> _ABOUT THIS EXERCISE_
Please count how many lines below contain the word "works" and give nothing but that figure.

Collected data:
>>>>
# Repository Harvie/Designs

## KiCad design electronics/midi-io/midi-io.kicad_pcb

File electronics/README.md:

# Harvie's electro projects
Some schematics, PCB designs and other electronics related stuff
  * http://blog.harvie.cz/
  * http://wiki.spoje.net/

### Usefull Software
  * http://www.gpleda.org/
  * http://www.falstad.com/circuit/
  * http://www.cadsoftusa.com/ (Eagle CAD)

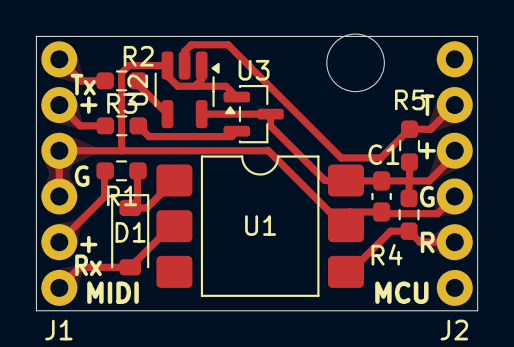
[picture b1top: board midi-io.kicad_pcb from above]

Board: 2 copper layers, 24.5 x 15.2 mm, 13 parts (0 on the bottom side), 11 nets.

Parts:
C1: 100nF; C_0603_1608Metric_Pad1.08x0.95mm_HandSolder
D1: 1N4148W; D_SOD-123
H1: MountingHole; MountingHole_3.2mm_M3
J1: MIDI; PinHeader_1x06_P2.54mm_Vertical
J2: MCU; PinHeader_1x06_P2.54mm_Vertical
R1: 220R; R_0603_1608Metric_Pad0.98x0.95mm_HandSolder
R2: 10R; R_0603_1608Metric_Pad0.98x0.95mm_HandSolder
R3: 33R; R_0603_1608Metric_Pad0.98x0.95mm_HandSolder
R4: 470R; R_0603_1608Metric_Pad0.98x0.95mm_HandSolder
R5: 10K; R_0603_1608Metric_Pad0.98x0.95mm_HandSolder
U1: H11L1SR2M; SMDIP-6_W9.53mm
U2: 74LVC1G07; SOT-23-5_HandSoldering
U3: MCP1700x-330xxTT; SOT-23

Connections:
GND: C1.2, J1.3, J1.4, J2.3, U1.5, U2.1 (NC), U2.3 (GND), U3.1 (GND)
unnamed: D1.1 (K), R1.1, U1.1
unnamed: R2.2, U2.4
unnamed: R3.2, U3.2 (VO)
RX: J2.2, R4.2, U1.4
RX+: J1.2, R1.2
RX-: D1.2 (A), J1.1, U1.2
TX: J2.5, R5.1, U2.2
TX+: J1.5, R3.1
TX-: J1.6, R2.1
VCC: C1.1, J2.4, R4.1, R5.2, U1.6, U2.5 (VCC), U3.3 (VI)

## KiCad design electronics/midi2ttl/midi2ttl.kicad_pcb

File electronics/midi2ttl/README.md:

# midi2ttl — MIDI IN/OUT interface (monotribe / 3.3V / 5V)

Compact KiCad MIDI interface board: opto-isolated **MIDI IN**, resistor **MIDI OUT**, and a 6-pin host header matching the Korg monotribe internal serial connector. Host VCC may be **3.3 V or 5 V** with no regulator or level shifter.

## Host / monotribe pinout (JST-PH 6P “Serial”)

| Pin | Name | Board pad | Notes |
|-----|------|-----------|--------|
| 1 | /BOOT | `HOST_BOOT` | Not used (pad only) |
| 2 | RXD0 | `HOST_RX` | From optocoupler MIDI IN |
| 3 | TXD0 | `HOST_TX` | To MIDI OUT resistors |
| 4 | VCC | `HOST_VCC` | 3.3 V on monotribe; 3.3/5 V on MCU reuse |
| 5 | GND | `HOST_GND` | |
| 6 | SCK1 | `HOST_SCK` | Not used (pad only) |

Sources: [beatnic / monotribe notes](https://beatnic.jp/takedanotes/vol31/), [Gameboy Genius MIDI mod](https://blog.gg8.se/wordpress/2011/08/14/monotribe-midi-and-me/).

## Circuit

- **MIDI IN:** DIN pins 4/5 → 220 Ω + antiparallel 1N4148W into **H11L1SR2M** Schmitt optocoupler (works 3–15 V). Open-collector VO pulled up with 470 Ω to host VCC → `RX`.
- **MIDI OUT:** `VCC`—220 Ω—DIN4, `TX`—220 Ω—DIN5, DIN2 = GND. 220 Ω is MIDI-standard and works at 3.3 V with modern receivers (H11L1 threshold ~1.6 mA).
- **Why H11L1 (not 6N138):** Reliable at 3.3 V; Schmitt output; no bias resistor. 6N138 is poorly specified at 3.3 V and caused zipper noise on monotribe mods.

Connectors are **off-board**: THT wire pads with dual strain-relief holes. Two **M3** mounting holes.

## JLCPCB PCBA

Files in `fab/`:

| File | Use |
|------|-----|
| `midi2ttl-gerbers.zip` | PCB order (Gerber + drill) |
| `BOM-JLCPCB.csv` | Assembly BOM |
| `CPL-JLCPCB.csv` | Pick-and-place (SMT only) |
| `midi2ttl-schematic.pdf` | Schematic |

### Parts

| Ref | Part | LCSC | Library |
|-----|------|------|---------|
| U1 | H11L1SR2M | **C20082** | Extended (~$3 feeder on Economic) |
| R1,R3,R4 | 220 Ω 0603 1% | **C22962** | Basic |
| R2 | 470 Ω 0603 1% | **C23179** | Basic |
| C1 | 100 nF 0603 | **C14663** | Basic |
| D1 | 1N4148W SOD-123 | **C81598** | Basic |

Only U1 is Extended; passives are Basic (0 feeder fee). THT wire pads / mounting holes are hand-soldered (not in CPL).

## Wiring DIN5 (solder side)

MIDI pin numbering is easy to swap. Solder side with notch up:

- Pin 4 = current source / “+”
- Pin 5 = current sink / signal
- Pin 2 = shield/GND (OUT only)

## Regen

```bash
python3 scripts/generate_project.py
```

Opens in KiCad 10 (`midi2ttl.kicad_pro`).

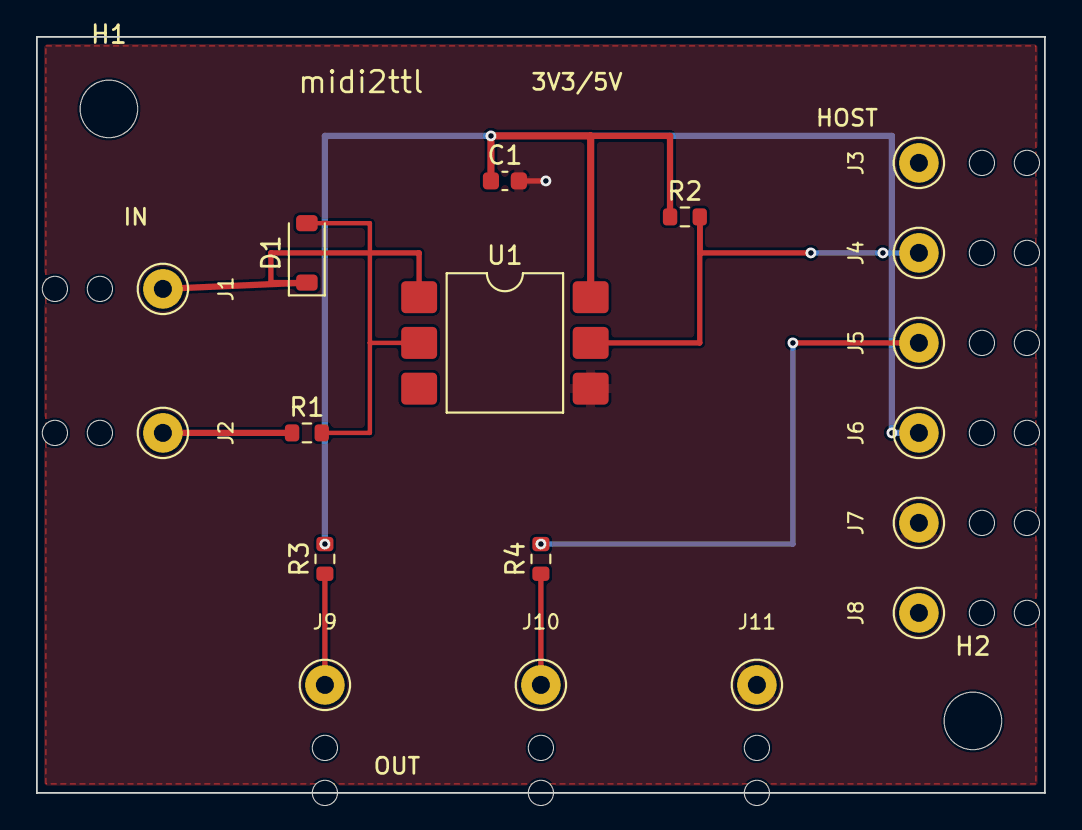
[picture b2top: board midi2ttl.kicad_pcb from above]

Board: 2 copper layers, 56.0 x 42.0 mm, 20 parts (0 on the bottom side), 9 nets.

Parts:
C1: 100nF; C_0603_1608Metric
D1: 1N4148W; D_SOD-123
H1, H2: MountingHole_3.2mm_M3
J1: IN4; WirePad_THT_Relief
J2: IN5; WirePad_THT_Relief
J3: BOOT; WirePad_THT_Relief
J4: RX; WirePad_THT_Relief
J5: TX; WirePad_THT_Relief
J6: VCC; WirePad_THT_Relief
J7: GND; WirePad_THT_Relief
J8: SCK; WirePad_THT_Relief
J9: OUT4; WirePad_THT_Relief
J10: OUT5; WirePad_THT_Relief
J11: OUT2; WirePad_THT_Relief
R1, R3, R4: 220; R_0603_1608Metric
R2: 470; R_0603_1608Metric
U1: H11L1SR2M; SMDIP-6_W9.53mm

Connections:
GND: C1.2, J7.1, J11.1, U1.4
MIDI_IN_4: D1.1, J1.1, U1.1
MIDI_IN_5: J2.1, R1.1
MIDI_OUT_4: J9.1, R3.1
MIDI_OUT_5: J10.1, R4.1
OPTO_C: D1.2, R1.2, U1.2
RX: J4.1, R2.2, U1.5
TX: J5.1, R4.2
VCC: C1.1, J6.1, R2.1, R3.2, U1.6

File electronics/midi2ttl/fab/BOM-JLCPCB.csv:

Comment,Designator,Footprint,LCSC Part #
H11L1SR2M Schmitt optocoupler SOP-6,U1,SMDIP-6_W9.53mm,C20082
220R 1% 0603,"R1,R3,R4",R_0603_1608Metric,C22962
470R 1% 0603,R2,R_0603_1608Metric,C23179
100nF 50V X7R 0603,C1,C_0603_1608Metric,C14663
1N4148W SOD-123,D1,D_SOD-123,C81598

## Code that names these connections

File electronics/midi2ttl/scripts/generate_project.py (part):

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
    ux, uy = 88.9, 57.15
    parts = [
        inst("Connector_Generic:Conn_01x01", "J1", "MIDI_IN_4", 25.4, 50.8, wire_fp, {"Description": "DIN5 pin4"}),
        inst("Connector_Generic:Conn_01x01", "J2", "MIDI_IN_5", 25.4, 63.5, wire_fp, {"Description": "DIN5 pin5"}),
        inst("Device:R", "R1", "220", 45.72, 63.5, r_fp, {"LCSC": "C22962"}, rot=90),
        inst("Diode:1N4148", "D1", "1N4148W", 63.5, 57.15, d_fp, {"LCSC": "C81598"}),
        inst("midi2ttl:H11L1SR2M", "U1", "H11L1SR2M", ux, uy, u_fp, {"LCSC": "C20082"}),
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        inst("Connector_Generic:Conn_01x01", "J8", "HOST_SCK", 139.7, 88.9, wire_fp, {"Description": "JST pin6 SCK1"}),
        inst("Device:R", "R3", "220", 177.8, 50.8, r_fp, {"LCSC": "C22962"}, rot=90),
        inst("Device:R", "R4", "220", 177.8, 63.5, r_fp, {"LCSC": "C22962"}, rot=90),
        inst("Connector_Generic:Conn_01x01", "J9", "MIDI_OUT_4", 203.2, 50.8, wire_fp, {"Description": "DIN5 pin4"}),
        inst("Connector_Generic:Conn_01x01", "J10", "MIDI_OUT_5", 203.2, 63.5, wire_fp, {"Description": "DIN5 pin5"}),
        inst("Connector_Generic:Conn_01x01", "J11", "MIDI_OUT_2", 203.2, 76.2, wire_fp, {"Description": "DIN5 pin2 GND"}),
        inst("Mechanical:MountingHole", "H1", "M3", 25.4, 101.6, mh_fp),
        inst("Mechanical:MountingHole", "H2", "M3", 203.2, 101.6, mh_fp),
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
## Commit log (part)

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2011-08-26 Added designs made before creating this repository
2011-11-17 Stupid darlington amplifier + gigabit poe injector
2011-11-17 fixed error in gigabit poe
2012-05-06 Motherboard IO shield
2012-05-10 IO Shield for GA-D525TUD Motherboard
2014-09-25 README update
2014-09-25 renamed files
2014-09-25 class d amp schematic
2014-10-07 Gigabit ethernet surge protector
2014-10-18 MOSFET full wave rectifier
2014-10-18 MOSFET_half_wave_rectifiers
2014-11-02 Active softstart for inductive loads, welders, etc...
2014-11-20 8x2 stacked RJ45 for geda PCB
2014-11-20 Better stacked RJ45
2014-11-20 poe panel begin
2014-11-20 poe panel konektory
2014-11-20 poe panel pokusy
2014-11-20 poe panel improvements
2014-11-20 poe panel layer swap
2014-11-20 clearance fix
2014-11-21 PoE panel SMD caps
2014-11-21 layers fixed
2014-11-21 experiment
2014-11-21 one more routed
2014-11-21 everything "routed"
2014-11-21 jumper wires are cleaner
2014-11-21 Layout description
2014-11-21 Protection module example
2014-11-21 made module shorter
2014-11-21 Prepared for fuse holder
2014-11-21 Fixed zener diode polarity
2014-11-21 board resize
2014-11-21 centered header
2014-11-21 Layer fix
2014-11-22 README fix
2014-11-25 Cleaned up poe panel lines
2014-11-28 rerouted using fat tracks
2014-11-28 some changes i do not remember
2014-11-28 rerouted panel again
2014-11-28 minor routing improvement
2014-11-28 fixed phantom line
2014-12-07 Inductor size
2014-12-07 Screw terminal for poe panel
2014-12-07 rerouted for 1206 caps
2015-05-25 darlington sziklai quadruple
2015-06-07 SDIP30 breakout
2015-06-07 proper export
2016-06-18 parasitic switch
2016-06-18 new parasitic
2016-07-20 shark!
2016-07-20 drop
2016-07-20 nose shark
2016-07-20 drop thru trucks
2016-07-20 gandi
2016-08-13 lvs3
2016-08-13 lvs3 fixed short
2016-08-13 fix posun
2016-08-13 tl431 with diode
2016-08-13 fix resistor
2016-08-13 comments
2016-08-13 reverse voltage
2016-08-13 moar comments
2016-08-13 hysteresis
2016-08-17 tl431 diode fix
2016-08-17 fixed to match real TL431
2016-08-17 low power
2017-08-09 low voltage shutdown
2017-08-09 deprecated
2017-08-10 test
2018-04-06 zena na slunci
2018-04-06 last few months of work
2018-04-25 cart pick
2018-04-25 deleted point
2018-05-09 kayak paddle
2018-05-14 Kayak paddle id
2018-06-26 footstop
2018-06-26 kryt
2021-02-11 Repjack B2
2021-02-12 wire clamp prototype
2021-10-04 hadice sprcha
2021-10-04 hacek
2021-10-04 nespresso molly guard
2021-10-04 auto moto
2021-10-04 krouzky
2021-10-04 sroubky
2021-10-07 Added DIN RAIL label generator
2021-10-07 Emoji
2021-10-07 Center
2021-10-07 Typo
2021-10-07 Spisovne
2021-10-07 Colspany
2021-10-07 18mm pitch
2021-10-07 Title
2021-10-07 svodic
2021-10-07 Landscape
2021-10-07 Cestina
2021-10-07 Preklepy
2021-10-07 Unifikace
2021-10-07 Emoji na copypaste
2021-10-07 Emoji fix
2021-10-07 Rezie
2021-10-07 Centrovani ikonek
2021-10-07 More emoji
2021-10-07 Robot
2021-10-07 Newliny
2021-12-06 Automatic update
2021-12-06 Pre-line
2021-12-06 Lepsi formatovatelnost
2021-12-06 Preklep
2022-04-03 wrench2
2022-04-03 color
2022-04-03 more color
2022-04-03 moar icons
2022-04-03 Freezer
2022-04-03 warning
2022-04-03 Save
2022-04-03 Print
2022-04-04 improved css
2022-04-04 Better link
2022-04-04 Better code readability
2022-04-04 colspan example
2022-04-04 English example
2022-04-04 Fixed colspans
2022-04-04 Cathegories
2022-04-04 breaker
2022-04-04 prohibido
2022-04-04 pitch
2022-04-04 SPDX
2022-04-04 Dalsi priklad
2022-04-07 Prehlednejsi
2022-04-07 konzistence
2023-10-03 rope brush
2023-10-03 Vylepseni rope brushe
2023-10-04 Lepsi hadice
2023-10-24 Lepsi klips
2023-10-29 rudo
2023-10-30 upravy
2023-11-02 nove modely
2023-11-03 lepsi pozice diry
2023-12-11 nastrel formy na kvetinac
2024-10-24 lepsi planter
2024-10-24 planter4 fix
2024-10-25 nicer shape of cavity
2024-11-10 screw holes
2024-11-10 New planter
2025-01-18 CAM turret prototype
2025-01-18 alicam
2025-01-18 progress
2025-01-18 Prvni vytistena verze turretu
2025-01-18 Druhy pokus tisk
2025-01-18 Lepsi ulozeni koule
2025-01-18 cable slit
2025-01-18 Tighter hold
2025-01-18 3. pokus tisk
2025-01-19 colors
2025-01-19 Upload na thingiverse
2025-02-08 modular idea
2025-02-09 double planter
2025-02-09 Pokus o zaformovani
2025-02-09 Oprava indexu
2025-02-09 opravena hloubka
2025-02-09 snizeny o pul cm
2025-02-10 refaktorace kodu
2025-02-10 cleanup
2025-02-10 odtok
2025-02-10 fix tloustky balkonu
2025-02-11 proper goniometry
2025-02-11 Added BOSL2
2025-02-12 prepsano do bosl2
2025-02-12 pyramida
2025-02-12 Obnoven kod pro generovani formy
2025-02-12 Odstraneno netisknutelne zaobleni
2025-02-12 Lepsi zaformovani
2025-02-12 diry na srouby
2025-02-12 doladeni sroubu
2025-02-12 zacisteni formy
2025-02-12 copyright
2025-02-12 testers
2025-02-12 Cibule na vytazeni
2025-02-12 Tisk v1
2025-02-13 inteligentnejsi umisteni sroubu
2025-02-13 uspornejsi model
2025-02-14 cavity inspector
2025-02-14 Vyrazne zoptimalizovany demolding vnitrku
2025-02-14 cavity skew
2025-02-15 Vylepsena forma
2025-02-15 todo
2025-02-15 update bosl
2025-02-16 tlakovy demolding
2025-02-17 lepsi rozvod tlaku
2025-05-20 backup artillery
2025-05-21 Prvni prototyp
2025-05-21 offset nad konektor
2025-05-21 opraveno
2025-05-22 better clamp
2025-05-23 lepsi verze
2025-05-26 krum v4
2025-05-27 domiv2
2025-05-27 krum v7
2025-05-28 ladeni v7
2025-05-31 terrain
2025-06-04 premodelovana strecha
2025-06-10 hotovo
2026-06-10 Allow indexing to continue on next row. Only reset on .indexed class
2026-06-10 square tables possible
2026-06-10 same font in all browsers
2026-06-10 smaller margins
2026-06-11 added big
2026-06-11 deploy
2026-06-11 new link
2026-06-12 17.9mm pitch
2026-06-12 configurable pitch
2026-06-12 17.85mm
<<<<
> _YOUR SOLUTION_
2